Poor GPU performance in Qube

I’ve created a Windows 10 HVM with my GPU passed through.
When playing games that are GPU heavy, I noticed a huge drop off in performance compared to bare metal and KVM passthrough setups I’ve tried previously on this hardware.

When benchmarking using userbenchmark.com (not the most reliable, but easy) I see a huge issue. While my CPU has dropped off a reasonable 5-6% in performance, my GPU has experienced a massive drop off. Below I’ve attached a picture of my results:

I really notice this drop off in 3D apps and games. I would usually pass it off, but it seems out of the ordinary. Is this sort of performance expected when passing through GPU devices using Qubes? Or am I possibly doing something wrong.

I also notice very poor and stuttery USB mouse performance on my passed through PCI USB controller under high load, or doing weirdly specific things like moving my mouse over elements with animated JS on Firefox, which spikes my GPU to 100%. It seems strange.

I’ve also created a Pop! OS Qube and passed through my GPU, and my results were more of the same.

4 Likes

For your USB situation, I would either buy a PCI USB Controller to pass through, or if your board is able you can check sys-usb’s PCI devices and see how many there are and experiment with what corresponds with which ports. Easiest way to do this for me was to start Qubes with qubes.skip_autostart then I would try one at a time attaching the devices that are attached to sys-usb to the HVM and figure out what set of ports it takes up.

If it seems workable (enough ports for Host/Guest) pass it through to your VM and remove it from sys-usb. I have a powered USB hub with a physical USB switch, then a second unpowered switch just for my USB soundbar so I can keep the audio on the host and switch it only when necessary.


For the rest, I don’t have much help to offer but I am experiencing similar. I have tried passing through my NVMe hoping that it was just the poor I/O with the Xen drivers (though I have not tried installing the host onto this drive yet, just mounting games via it).
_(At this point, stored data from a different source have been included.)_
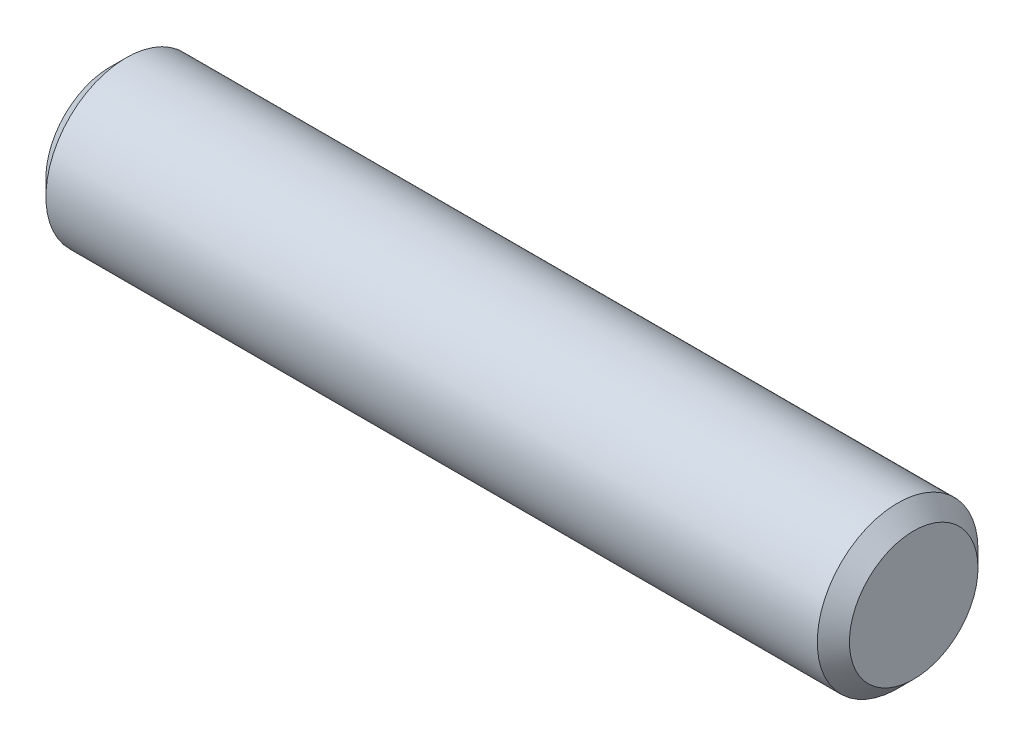
ISO-10303-21;
HEADER;
FILE_DESCRIPTION(('STEP AP214'),'2;1');
FILE_NAME('part.step','',(''),(''),'','','');
FILE_SCHEMA(('AUTOMOTIVE_DESIGN { 1 0 10303 214 1 1 1 1 }'));
ENDSEC;
DATA;
#1=APPLICATION_CONTEXT('core data for automotive mechanical design processes');
#2=APPLICATION_PROTOCOL_DEFINITION('international standard','automotive_design',2000,#1);
#3=PRODUCT_CONTEXT('',#1,'mechanical');
#4=PRODUCT('Part','Part','',(#3));
#5=PRODUCT_RELATED_PRODUCT_CATEGORY('part','',(#4));
#6=PRODUCT_DEFINITION_FORMATION('','',#4);
#7=PRODUCT_DEFINITION_CONTEXT('part definition',#1,'design');
#8=PRODUCT_DEFINITION('design','',#6,#7);
#9=PRODUCT_DEFINITION_SHAPE('','',#8);
#10=(LENGTH_UNIT() NAMED_UNIT(*) SI_UNIT(.MILLI.,.METRE.));
#11=(NAMED_UNIT(*) PLANE_ANGLE_UNIT() SI_UNIT($,.RADIAN.));
#12=(NAMED_UNIT(*) SI_UNIT($,.STERADIAN.) SOLID_ANGLE_UNIT());
#13=UNCERTAINTY_MEASURE_WITH_UNIT(LENGTH_MEASURE(1.E-05),#10,'distance_accuracy_value','');
#14=(GEOMETRIC_REPRESENTATION_CONTEXT(3) GLOBAL_UNCERTAINTY_ASSIGNED_CONTEXT((#13)) GLOBAL_UNIT_ASSIGNED_CONTEXT((#10,
#11,#12)) REPRESENTATION_CONTEXT('',''));
#15=CARTESIAN_POINT('',(0.,0.,0.));
#16=DIRECTION('',(0.,0.,1.));
#17=DIRECTION('',(1.,0.,0.));
#18=AXIS2_PLACEMENT_3D('',#15,#16,#17);
#19=CARTESIAN_POINT('',(-7.9375,0.,0.));
#20=DIRECTION('',(1.,0.,0.));
#21=DIRECTION('',(0.,0.,-1.));
#22=AXIS2_PLACEMENT_3D('',#19,#20,#21);
#23=CYLINDRICAL_SURFACE('',#22,1.5875);
#24=CARTESIAN_POINT('',(7.62,0.,0.));
#25=DIRECTION('',(1.,0.,0.));
#26=DIRECTION('',(0.,0.,-1.));
#27=AXIS2_PLACEMENT_3D('',#24,#25,#26);
#28=CIRCLE('',#27,1.5875);
#29=CARTESIAN_POINT('',(7.62,0.,-1.5875));
#30=VERTEX_POINT('',#29);
#31=EDGE_CURVE('E43',#30,#30,#28,.F.);
#32=ORIENTED_EDGE('',*,*,#31,.T.);
#33=EDGE_LOOP('',(#32));
#34=FACE_BOUND('',#33,.T.);
#35=CARTESIAN_POINT('',(-7.62,0.,0.));
#36=DIRECTION('',(1.,0.,0.));
#37=DIRECTION('',(0.,0.,-1.));
#38=AXIS2_PLACEMENT_3D('',#35,#36,#37);
#39=CIRCLE('',#38,1.5875);
#40=CARTESIAN_POINT('',(-7.62,0.,-1.5875));
#41=VERTEX_POINT('',#40);
#42=EDGE_CURVE('E49',#41,#41,#39,.T.);
#43=ORIENTED_EDGE('',*,*,#42,.T.);
#44=EDGE_LOOP('',(#43));
#45=FACE_BOUND('',#44,.T.);
#46=ADVANCED_FACE('F35',(#34,#45),#23,.T.);
#47=CARTESIAN_POINT('',(-7.9375,0.,0.));
#48=DIRECTION('',(1.,0.,0.));
#49=DIRECTION('',(0.,0.,-1.));
#50=AXIS2_PLACEMENT_3D('',#47,#48,#49);
#51=PLANE('',#50);
#52=CARTESIAN_POINT('',(-7.9375,0.,0.));
#53=DIRECTION('',(1.,0.,0.));
#54=DIRECTION('',(0.,0.,-1.));
#55=AXIS2_PLACEMENT_3D('',#52,#53,#54);
#56=CIRCLE('',#55,1.27);
#57=CARTESIAN_POINT('',(-7.9375,0.,-1.27));
#58=VERTEX_POINT('',#57);
#59=EDGE_CURVE('E10',#58,#58,#56,.F.);
#60=ORIENTED_EDGE('',*,*,#59,.T.);
#61=EDGE_LOOP('',(#60));
#62=FACE_BOUND('',#61,.T.);
#63=ADVANCED_FACE('F70',(#62),#51,.F.);
#64=CARTESIAN_POINT('',(7.9375,0.,0.));
#65=DIRECTION('',(1.,0.,0.));
#66=DIRECTION('',(0.,0.,-1.));
#67=AXIS2_PLACEMENT_3D('',#64,#65,#66);
#68=PLANE('',#67);
#69=CARTESIAN_POINT('',(7.9375,0.,0.));
#70=DIRECTION('',(1.,0.,0.));
#71=DIRECTION('',(0.,0.,-1.));
#72=AXIS2_PLACEMENT_3D('',#69,#70,#71);
#73=CIRCLE('',#72,1.27);
#74=CARTESIAN_POINT('',(7.9375,0.,-1.27));
#75=VERTEX_POINT('',#74);
#76=EDGE_CURVE('E54',#75,#75,#73,.T.);
#77=ORIENTED_EDGE('',*,*,#76,.T.);
#78=EDGE_LOOP('',(#77));
#79=FACE_BOUND('',#78,.T.);
#80=ADVANCED_FACE('F60',(#79),#68,.T.);
#81=CARTESIAN_POINT('',(7.9375,0.,0.));
#82=DIRECTION('',(-1.,0.,0.));
#83=DIRECTION('',(0.,0.,1.));
#84=AXIS2_PLACEMENT_3D('',#81,#82,#83);
#85=CONICAL_SURFACE('',#84,1.27,0.785398163397445);
#86=ORIENTED_EDGE('',*,*,#31,.F.);
#87=EDGE_LOOP('',(#86));
#88=FACE_BOUND('',#87,.T.);
#89=ORIENTED_EDGE('',*,*,#76,.F.);
#90=EDGE_LOOP('',(#89));
#91=FACE_BOUND('',#90,.T.);
#92=ADVANCED_FACE('F62',(#88,#91),#85,.T.);
#93=CARTESIAN_POINT('',(-7.62,0.,0.));
#94=DIRECTION('',(1.,0.,0.));
#95=DIRECTION('',(0.,0.,-1.));
#96=AXIS2_PLACEMENT_3D('',#93,#94,#95);
#97=CONICAL_SURFACE('',#96,1.5875,0.78539816339745);
#98=ORIENTED_EDGE('',*,*,#59,.F.);
#99=EDGE_LOOP('',(#98));
#100=FACE_BOUND('',#99,.T.);
#101=ORIENTED_EDGE('',*,*,#42,.F.);
#102=EDGE_LOOP('',(#101));
#103=FACE_BOUND('',#102,.T.);
#104=ADVANCED_FACE('F37',(#100,#103),#97,.T.);
#105=CLOSED_SHELL('',(#46,#63,#80,#92,#104));
#106=MANIFOLD_SOLID_BREP('B2',#105);
#107=ADVANCED_BREP_SHAPE_REPRESENTATION('',(#18,#106),#14);
#108=SHAPE_DEFINITION_REPRESENTATION(#9,#107);
ENDSEC;
END-ISO-10303-21;

CPU Pinning didn’t help (I’m on a 5800X so apparently it isn’t necessary), tried different clock timers (hpet disabled, tsc enabled/native). Tried vcpupin, vcpusched and emulatorpin both with smt enabled and disabled with no real difference. I pinned 0-1 to dom0 and the rest to the HVM and did notice it only loads down the cores I have pinned so seems like it’s working decently though I have not done core isolation.

Performance in-game for me is roughly half, Cinebench I got the same scores as metal for CPU for Single and Multi Core but my GPU score did drop by about 3000 points. Same framerate on the Linux distros, not noticing the CPU maxing out or even coming close to it and watch -n 1 xenpm get-cpufreq-average does show the cores boosting to ~4.6GHz.

On the host CPU Governor I have set to Performance as well, High Performance power plan in Windows. No virtualization or anything just a bare Win10 with Steam and Cyberpunk and Starfield. Both VMs only show the CPU Frequency as 3.7GHz but from what I can tell this is normal and the cores do actually appear to be boosting.

2 Likes

Yeah, seems like we are both experiencing a huge drop off in GPU performance.

What I noticed is on my PCIe USB Controller is that when the GPU is under high load, for example when I uncap my FPS in a game or run a very intensive game, the USB mouse plugged into the controller is super stuttery. (I’ve tested this on both Linux AND Windows HVMs) There must be some sort of bandwidth issue on PCIe devices preventing them from reaching full performance, at least that’s my theory. Hopefully someone who is more knowledgable about the Qubes architecture could explain this, but it’s just my high-level understanding of what’s going on.

You will notice that CPU heavy games run great, but GPU heavy games are destroyed in performance. One game in particular I get 200-400fps on bare metal, but on Qubes I get 30-80.
However on a more CPU bound game I play there’s a very small barely noticeable drop off.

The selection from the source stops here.